According to StatCan’s Canadian Construction Cost Index, overall project costs have increased by 8.3% for non-residential construction and a staggering 20.3% for residential construction from Q3-2020 to Q3-2021.
“Contractors are increasingly stretched between many projects and relying on a less experienced workforce,” said the report. “As these costs are typically passed down to the end user, they contribute to rental escalation that is becoming a growing issue for households and companies.”
Construction Outlook Q4-2021/JLL
Subsequently, the construction industry continues to struggle with supply chain difficulties and volatile material costs at an unprecedented level. According to JLL, costs for materials have never risen across so many different areas so sharply at once before.
With material costs and labour inputs rising, it has added a significant cost premium for builders, with some estimating there's been between 20-40% in additional price escalations on similar projects that may have started five years ago.
Unsurprisingly, Canadian cities with the greatest demand pressures in residential and industrial sectors are currently seeing the most pressure for construction materials. Ottawa, Montreal, and Toronto have seen their three-year change in average costs grow the greatest, climbing by 22.2%, 18.5%, and 18.4%, respectively.
However, Vancouver has been able to save on costs thanks to its mining and forestry industries, which is why the western city has only seen its three-year average for construction costs increase by 9.2%.
With winter on the horizon, JLL believes that construction prices will "somewhat" moderate as the industry enters its cyclical down period. The winter is also expected to deliver rising energy costs as many gas and oil wells that were shut down during the pandemic remain offline.
While these expenses may be lamented by builders, JLL noted that these rising costs have produced "economic tailwinds" as Canada is a major exporter of lumber, copper, oil and gas, and hydroelectric power.
"This has created multiplier effects to local economies and has boosted the value of the Canadian Dollar and our purchasing power of imported goods," reads the report.
Construction Outlook Q4-2021/JLL
While there are still a few weeks left to go in Q4-2021, JLL says that out of nine major types of construction materials, three are among the highest volatility sectors in Canada's construction industry, including steel, lumber, and copper.
According to JLL, demand for global scrap metal and automobiles has pushed the price of steel close to $2,000 per ton -- about triple its value compared to early 2020. By mid-2021, lumber prices soared to $1,600 USD per thousand board feet before "falling back to reality" in September, while copper costs have reached record highs and are nearly 40% higher compared to a year ago.

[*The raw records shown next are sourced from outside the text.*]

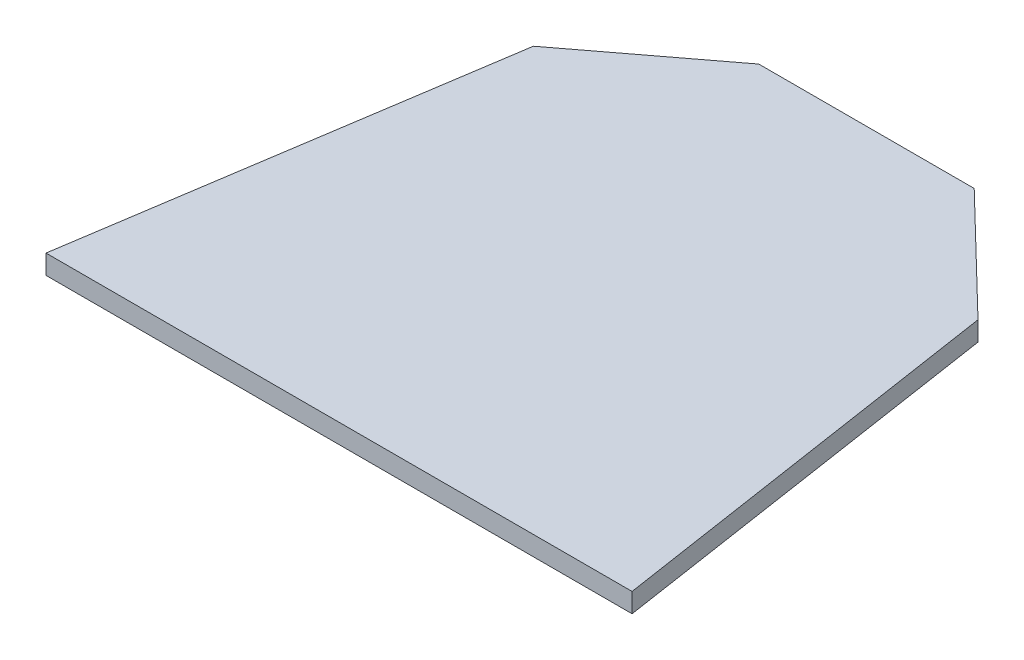
SolidWorks part; units mm, degrees
ref_plane "Plan de face" through (0, 0, 0) normal (0, 0, 1) x (1, 0, 0)
ref_plane "Plan de dessus" through (0, 0, 0) normal (0, 1, 0) x (1, 0, 0)
ref_plane "Plan de droite" through (0, 0, 0) normal (1, 0, 0) x (0, 0, -1)
sketch "Esquisse1" plane through (0, 0, 0) normal (0, 1, 0) x (1, 0, 0)
  line L0 (60.5101, 0) -> (54.0746, 42.1493)
  line L1 (54.0746, 42.1493) -> (42.1383, 53.6939)
  line L2 (42.1383, 53.6939) -> (19.8982, 53.6939)
  line L3 (19.8982, 53.6939) -> (6.6655, 43.6554)
  line L4 (6.6655, 43.6554) -> (0, 0)
  line L5 (0, 0) -> (60.5101, 0)
  point P6 (0, 0)
extrude "Boss.-Extru.1" add sketch "Esquisse1" along normal blind 2

There are also three medium volatility sectors, aluminum, gypsum, and plastics, while insulation, flat glass, and concrete remain low risk.
Available labour also remains a challenge in the construction industry. In Q3-2021, StatsCan reported that Canada’s construction industry had a 5.8% vacancy rate, one of the highest rates among the economic sectors and well above the 4.6% job vacancy rate for Canada as a whole.
Luckily, JLL says there is reason to believe relief for supply chains is coming over the next year. "Much of the volatility we are seeing is a consequence of supply chain operators transitioning from a low demand context to a high demand context in a short period of time as consumers binge on goods and services after a year of lockdown measures," reads the report.
By 2022 it's expected that delays to supply chains will largely stabilize, thankfully resulting in more normal price variations, which will be a welcomed relief for the construction industry.